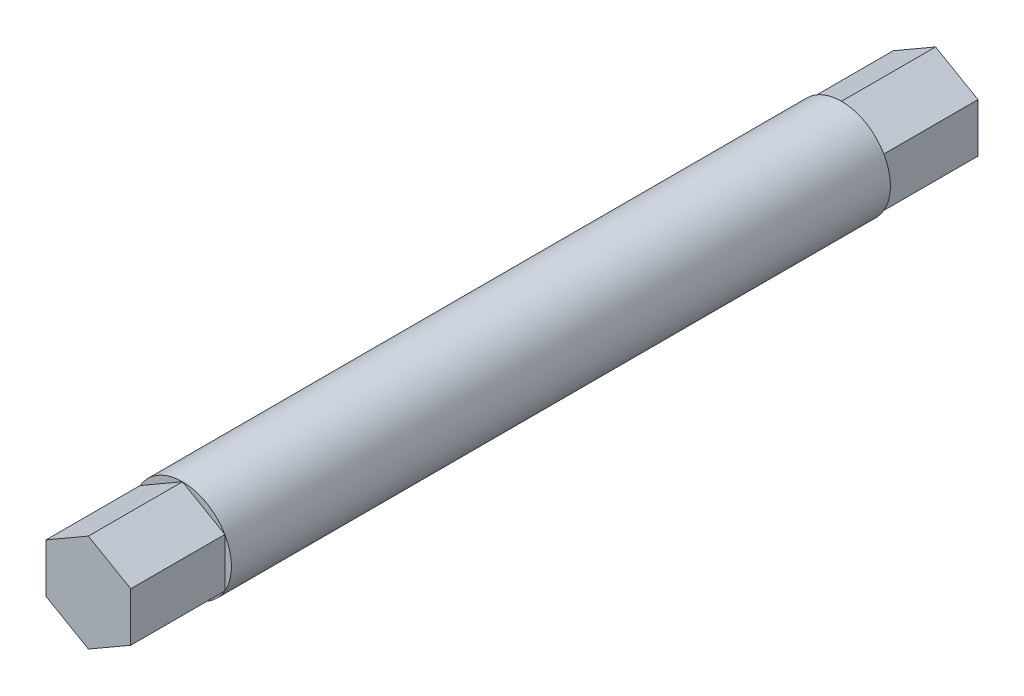
ISO-10303-21;
HEADER;
FILE_DESCRIPTION(('STEP AP214'),'2;1');
FILE_NAME('part.step','',(''),(''),'','','');
FILE_SCHEMA(('AUTOMOTIVE_DESIGN { 1 0 10303 214 1 1 1 1 }'));
ENDSEC;
DATA;
#1=APPLICATION_CONTEXT('core data for automotive mechanical design processes');
#2=APPLICATION_PROTOCOL_DEFINITION('international standard','automotive_design',2000,#1);
#3=PRODUCT_CONTEXT('',#1,'mechanical');
#4=PRODUCT('Part','Part','',(#3));
#5=PRODUCT_RELATED_PRODUCT_CATEGORY('part','',(#4));
#6=PRODUCT_DEFINITION_FORMATION('','',#4);
#7=PRODUCT_DEFINITION_CONTEXT('part definition',#1,'design');
#8=PRODUCT_DEFINITION('design','',#6,#7);
#9=PRODUCT_DEFINITION_SHAPE('','',#8);
#10=(LENGTH_UNIT() NAMED_UNIT(*) SI_UNIT(.MILLI.,.METRE.));
#11=(NAMED_UNIT(*) PLANE_ANGLE_UNIT() SI_UNIT($,.RADIAN.));
#12=(NAMED_UNIT(*) SI_UNIT($,.STERADIAN.) SOLID_ANGLE_UNIT());
#13=UNCERTAINTY_MEASURE_WITH_UNIT(LENGTH_MEASURE(1.E-05),#10,'distance_accuracy_value','');
#14=(GEOMETRIC_REPRESENTATION_CONTEXT(3) GLOBAL_UNCERTAINTY_ASSIGNED_CONTEXT((#13)) GLOBAL_UNIT_ASSIGNED_CONTEXT((#10,
#11,#12)) REPRESENTATION_CONTEXT('',''));
#15=CARTESIAN_POINT('',(0.,0.,0.));
#16=DIRECTION('',(0.,0.,1.));
#17=DIRECTION('',(1.,0.,0.));
#18=AXIS2_PLACEMENT_3D('',#15,#16,#17);
#19=CARTESIAN_POINT('',(0.,0.,80.));
#20=DIRECTION('',(0.,0.,1.));
#21=DIRECTION('',(1.,0.,0.));
#22=AXIS2_PLACEMENT_3D('',#19,#20,#21);
#23=PLANE('',#22);
#24=DIRECTION('',(-0.866025403784442,0.499999999999995,0.));
#25=VECTOR('',#24,1.);
#26=CARTESIAN_POINT('',(4.49999999999997,2.59807621135337,80.));
#27=LINE('',#26,#25);
#28=CARTESIAN_POINT('',(4.49999999999997,2.59807621135337,80.));
#29=VERTEX_POINT('',#28);
#30=CARTESIAN_POINT('',(0.,5.19615242270664,80.));
#31=VERTEX_POINT('',#30);
#32=EDGE_CURVE('E147',#29,#31,#27,.T.);
#33=ORIENTED_EDGE('',*,*,#32,.F.);
#34=CARTESIAN_POINT('',(0.,0.,80.));
#35=DIRECTION('',(0.,0.,1.));
#36=DIRECTION('',(1.,0.,0.));
#37=AXIS2_PLACEMENT_3D('',#34,#35,#36);
#38=CIRCLE('',#37,5.19615242270664);
#39=EDGE_CURVE('E158',#29,#31,#38,.T.);
#40=ORIENTED_EDGE('',*,*,#39,.T.);
#41=EDGE_LOOP('',(#33,#40));
#42=FACE_BOUND('',#41,.T.);
#43=ADVANCED_FACE('F33',(#42),#23,.T.);
#44=DIRECTION('',(0.,1.,0.));
#45=VECTOR('',#44,1.);
#46=CARTESIAN_POINT('',(4.50000000000003,-2.59807621135328,80.));
#47=LINE('',#46,#45);
#48=CARTESIAN_POINT('',(4.50000000000003,-2.59807621135328,80.));
#49=VERTEX_POINT('',#48);
#50=EDGE_CURVE('E47',#49,#29,#47,.T.);
#51=ORIENTED_EDGE('',*,*,#50,.F.);
#52=EDGE_CURVE('E162',#49,#29,#38,.T.);
#53=ORIENTED_EDGE('',*,*,#52,.T.);
#54=EDGE_LOOP('',(#51,#53));
#55=FACE_BOUND('',#54,.T.);
#56=ADVANCED_FACE('F260',(#55),#23,.T.);
#57=DIRECTION('',(0.866025403784435,0.500000000000007,0.));
#58=VECTOR('',#57,1.);
#59=CARTESIAN_POINT('',(0.,-5.19615242270664,80.));
#60=LINE('',#59,#58);
#61=CARTESIAN_POINT('',(0.,-5.19615242270664,80.));
#62=VERTEX_POINT('',#61);
#63=EDGE_CURVE('E54',#62,#49,#60,.T.);
#64=ORIENTED_EDGE('',*,*,#63,.F.);
#65=EDGE_CURVE('E520',#62,#49,#38,.T.);
#66=ORIENTED_EDGE('',*,*,#65,.T.);
#67=EDGE_LOOP('',(#64,#66));
#68=FACE_BOUND('',#67,.T.);
#69=ADVANCED_FACE('F266',(#68),#23,.T.);
#70=DIRECTION('',(0.866025403784441,-0.499999999999995,0.));
#71=VECTOR('',#70,1.);
#72=CARTESIAN_POINT('',(-4.49999999999999,-2.59807621135334,80.));
#73=LINE('',#72,#71);
#74=CARTESIAN_POINT('',(-4.49999999999999,-2.59807621135334,80.));
#75=VERTEX_POINT('',#74);
#76=EDGE_CURVE('E296',#75,#62,#73,.T.);
#77=ORIENTED_EDGE('',*,*,#76,.F.);
#78=EDGE_CURVE('E518',#75,#62,#38,.T.);
#79=ORIENTED_EDGE('',*,*,#78,.T.);
#80=EDGE_LOOP('',(#77,#79));
#81=FACE_BOUND('',#80,.T.);
#82=ADVANCED_FACE('F278',(#81),#23,.T.);
#83=DIRECTION('',(0.,-1.,0.));
#84=VECTOR('',#83,1.);
#85=CARTESIAN_POINT('',(-4.50000000000001,2.59807621135331,80.));
#86=LINE('',#85,#84);
#87=CARTESIAN_POINT('',(-4.50000000000001,2.59807621135331,80.));
#88=VERTEX_POINT('',#87);
#89=EDGE_CURVE('E290',#88,#75,#86,.T.);
#90=ORIENTED_EDGE('',*,*,#89,.F.);
#91=EDGE_CURVE('E292',#88,#75,#38,.T.);
#92=ORIENTED_EDGE('',*,*,#91,.T.);
#93=EDGE_LOOP('',(#90,#92));
#94=FACE_BOUND('',#93,.T.);
#95=ADVANCED_FACE('F270',(#94),#23,.T.);
#96=CARTESIAN_POINT('',(4.49999999999997,2.59807621135337,10.));
#97=DIRECTION('',(-0.499999999999995,-0.866025403784442,0.));
#98=DIRECTION('',(0.866025403784442,-0.499999999999995,0.));
#99=AXIS2_PLACEMENT_3D('',#96,#97,#98);
#100=PLANE('',#99);
#101=DIRECTION('',(-0.866025403784441,0.499999999999995,0.));
#102=VECTOR('',#101,1.);
#103=CARTESIAN_POINT('',(4.49999999999997,2.59807621135337,0.));
#104=LINE('',#103,#102);
#105=CARTESIAN_POINT('',(4.49999999999997,2.59807621135337,0.));
#106=VERTEX_POINT('',#105);
#107=CARTESIAN_POINT('',(0.,5.19615242270664,0.));
#108=VERTEX_POINT('',#107);
#109=EDGE_CURVE('E160',#106,#108,#104,.T.);
#110=ORIENTED_EDGE('',*,*,#109,.T.);
#111=DIRECTION('',(0.,0.,-1.));
#112=VECTOR('',#111,1.);
#113=CARTESIAN_POINT('',(0.,5.19615242270664,10.));
#114=LINE('',#113,#112);
#115=CARTESIAN_POINT('',(0.,5.19615242270664,10.));
#116=VERTEX_POINT('',#115);
#117=EDGE_CURVE('E11',#116,#108,#114,.T.);
#118=ORIENTED_EDGE('',*,*,#117,.F.);
#119=DIRECTION('',(-0.866025403784441,0.499999999999995,0.));
#120=VECTOR('',#119,1.);
#121=CARTESIAN_POINT('',(4.49999999999997,2.59807621135337,10.));
#122=LINE('',#121,#120);
#123=CARTESIAN_POINT('',(4.49999999999997,2.59807621135337,10.));
#124=VERTEX_POINT('',#123);
#125=EDGE_CURVE('E166',#124,#116,#122,.T.);
#126=ORIENTED_EDGE('',*,*,#125,.F.);
#127=DIRECTION('',(0.,0.,-1.));
#128=VECTOR('',#127,1.);
#129=CARTESIAN_POINT('',(4.49999999999997,2.59807621135337,10.));
#130=LINE('',#129,#128);
#131=EDGE_CURVE('E185',#124,#106,#130,.T.);
#132=ORIENTED_EDGE('',*,*,#131,.T.);
#133=EDGE_LOOP('',(#110,#118,#126,#132));
#134=FACE_BOUND('',#133,.T.);
#135=ADVANCED_FACE('F35',(#134),#100,.F.);
#136=CARTESIAN_POINT('',(0.,5.19615242270664,10.));
#137=DIRECTION('',(0.500000000000001,-0.866025403784438,0.));
#138=DIRECTION('',(0.866025403784438,0.500000000000001,0.));
#139=AXIS2_PLACEMENT_3D('',#136,#137,#138);
#140=PLANE('',#139);
#141=DIRECTION('',(-0.866025403784438,-0.500000000000001,0.));
#142=VECTOR('',#141,1.);
#143=CARTESIAN_POINT('',(0.,5.19615242270664,0.));
#144=LINE('',#143,#142);
#145=CARTESIAN_POINT('',(-4.50000000000001,2.59807621135331,0.));
#146=VERTEX_POINT('',#145);
#147=EDGE_CURVE('E188',#108,#146,#144,.T.);
#148=ORIENTED_EDGE('',*,*,#147,.T.);
#149=DIRECTION('',(0.,0.,-1.));
#150=VECTOR('',#149,1.);
#151=CARTESIAN_POINT('',(-4.50000000000001,2.59807621135331,10.));
#152=LINE('',#151,#150);
#153=CARTESIAN_POINT('',(-4.50000000000001,2.59807621135331,10.));
#154=VERTEX_POINT('',#153);
#155=EDGE_CURVE('E41',#154,#146,#152,.T.);
#156=ORIENTED_EDGE('',*,*,#155,.F.);
#157=DIRECTION('',(-0.866025403784438,-0.500000000000001,0.));
#158=VECTOR('',#157,1.);
#159=CARTESIAN_POINT('',(0.,5.19615242270664,10.));
#160=LINE('',#159,#158);
#161=EDGE_CURVE('E169',#116,#154,#160,.T.);
#162=ORIENTED_EDGE('',*,*,#161,.F.);
#163=ORIENTED_EDGE('',*,*,#117,.T.);
#164=EDGE_LOOP('',(#148,#156,#162,#163));
#165=FACE_BOUND('',#164,.T.);
#166=ADVANCED_FACE('F284',(#165),#140,.F.);
#167=CARTESIAN_POINT('',(-4.50000000000001,2.59807621135331,10.));
#168=DIRECTION('',(1.,0.,0.));
#169=DIRECTION('',(0.,1.,0.));
#170=AXIS2_PLACEMENT_3D('',#167,#168,#169);
#171=PLANE('',#170);
#172=DIRECTION('',(0.,-1.,0.));
#173=VECTOR('',#172,1.);
#174=CARTESIAN_POINT('',(-4.50000000000001,2.59807621135331,0.));
#175=LINE('',#174,#173);
#176=CARTESIAN_POINT('',(-4.49999999999999,-2.59807621135334,0.));
#177=VERTEX_POINT('',#176);
#178=EDGE_CURVE('E190',#146,#177,#175,.T.);
#179=ORIENTED_EDGE('',*,*,#178,.T.);
#180=DIRECTION('',(0.,0.,-1.));
#181=VECTOR('',#180,1.);
#182=CARTESIAN_POINT('',(-4.49999999999999,-2.59807621135334,10.));
#183=LINE('',#182,#181);
#184=CARTESIAN_POINT('',(-4.49999999999999,-2.59807621135334,10.));
#185=VERTEX_POINT('',#184);
#186=EDGE_CURVE('E205',#185,#177,#183,.T.);
#187=ORIENTED_EDGE('',*,*,#186,.F.);
#188=DIRECTION('',(0.,-1.,0.));
#189=VECTOR('',#188,1.);
#190=CARTESIAN_POINT('',(-4.50000000000001,2.59807621135331,10.));
#191=LINE('',#190,#189);
#192=EDGE_CURVE('E173',#154,#185,#191,.T.);
#193=ORIENTED_EDGE('',*,*,#192,.F.);
#194=ORIENTED_EDGE('',*,*,#155,.T.);
#195=EDGE_LOOP('',(#179,#187,#193,#194));
#196=FACE_BOUND('',#195,.T.);
#197=ADVANCED_FACE('F211',(#196),#171,.F.);
#198=CARTESIAN_POINT('',(-4.49999999999999,-2.59807621135334,10.));
#199=DIRECTION('',(0.499999999999995,0.866025403784442,0.));
#200=DIRECTION('',(-0.866025403784442,0.499999999999995,0.));
#201=AXIS2_PLACEMENT_3D('',#198,#199,#200);
#202=PLANE('',#201);
#203=DIRECTION('',(0.866025403784442,-0.499999999999995,0.));
#204=VECTOR('',#203,1.);
#205=CARTESIAN_POINT('',(-4.49999999999999,-2.59807621135334,0.));
#206=LINE('',#205,#204);
#207=CARTESIAN_POINT('',(0.,-5.19615242270664,0.));
#208=VERTEX_POINT('',#207);
#209=EDGE_CURVE('E192',#177,#208,#206,.T.);
#210=ORIENTED_EDGE('',*,*,#209,.T.);
#211=DIRECTION('',(0.,0.,-1.));
#212=VECTOR('',#211,1.);
#213=CARTESIAN_POINT('',(0.,-5.19615242270664,10.));
#214=LINE('',#213,#212);
#215=CARTESIAN_POINT('',(0.,-5.19615242270664,10.));
#216=VERTEX_POINT('',#215);
#217=EDGE_CURVE('E202',#216,#208,#214,.T.);
#218=ORIENTED_EDGE('',*,*,#217,.F.);
#219=DIRECTION('',(0.866025403784442,-0.499999999999995,0.));
#220=VECTOR('',#219,1.);
#221=CARTESIAN_POINT('',(-4.49999999999999,-2.59807621135334,10.));
#222=LINE('',#221,#220);
#223=EDGE_CURVE('E176',#185,#216,#222,.T.);
#224=ORIENTED_EDGE('',*,*,#223,.F.);
#225=ORIENTED_EDGE('',*,*,#186,.T.);
#226=EDGE_LOOP('',(#210,#218,#224,#225));
#227=FACE_BOUND('',#226,.T.);
#228=ADVANCED_FACE('F220',(#227),#202,.F.);
#229=CARTESIAN_POINT('',(0.,-5.19615242270664,10.));
#230=DIRECTION('',(-0.500000000000007,0.866025403784434,0.));
#231=DIRECTION('',(-0.866025403784435,-0.500000000000007,0.));
#232=AXIS2_PLACEMENT_3D('',#229,#230,#231);
#233=PLANE('',#232);
#234=DIRECTION('',(0.866025403784434,0.500000000000007,0.));
#235=VECTOR('',#234,1.);
#236=CARTESIAN_POINT('',(0.,-5.19615242270664,0.));
#237=LINE('',#236,#235);
#238=CARTESIAN_POINT('',(4.50000000000003,-2.59807621135328,0.));
#239=VERTEX_POINT('',#238);
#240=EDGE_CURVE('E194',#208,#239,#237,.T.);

——

» Exercise
Return exactly the lines above from the line that has "#147=EDGE_CURVE('E188',#108,#146,#144,.T.);" through the line that has "#177=VERTEX_POINT('',#176);", inclusive, and nothing else.

» Response to this exercise
#147=EDGE_CURVE('E188',#108,#146,#144,.T.);
#148=ORIENTED_EDGE('',*,*,#147,.T.);
#149=DIRECTION('',(0.,0.,-1.));
#150=VECTOR('',#149,1.);
#151=CARTESIAN_POINT('',(-4.50000000000001,2.59807621135331,10.));
#152=LINE('',#151,#150);
#153=CARTESIAN_POINT('',(-4.50000000000001,2.59807621135331,10.));
#154=VERTEX_POINT('',#153);
#155=EDGE_CURVE('E41',#154,#146,#152,.T.);
#156=ORIENTED_EDGE('',*,*,#155,.F.);
#157=DIRECTION('',(-0.866025403784438,-0.500000000000001,0.));
#158=VECTOR('',#157,1.);
#159=CARTESIAN_POINT('',(0.,5.19615242270664,10.));
#160=LINE('',#159,#158);
#161=EDGE_CURVE('E169',#116,#154,#160,.T.);
#162=ORIENTED_EDGE('',*,*,#161,.F.);
#163=ORIENTED_EDGE('',*,*,#117,.T.);
#164=EDGE_LOOP('',(#148,#156,#162,#163));
#165=FACE_BOUND('',#164,.T.);
#166=ADVANCED_FACE('F284',(#165),#140,.F.);
#167=CARTESIAN_POINT('',(-4.50000000000001,2.59807621135331,10.));
#168=DIRECTION('',(1.,0.,0.));
#169=DIRECTION('',(0.,1.,0.));
#170=AXIS2_PLACEMENT_3D('',#167,#168,#169);
#171=PLANE('',#170);
#172=DIRECTION('',(0.,-1.,0.));
#173=VECTOR('',#172,1.);
#174=CARTESIAN_POINT('',(-4.50000000000001,2.59807621135331,0.));
#175=LINE('',#174,#173);
#176=CARTESIAN_POINT('',(-4.49999999999999,-2.59807621135334,0.));
#177=VERTEX_POINT('',#176);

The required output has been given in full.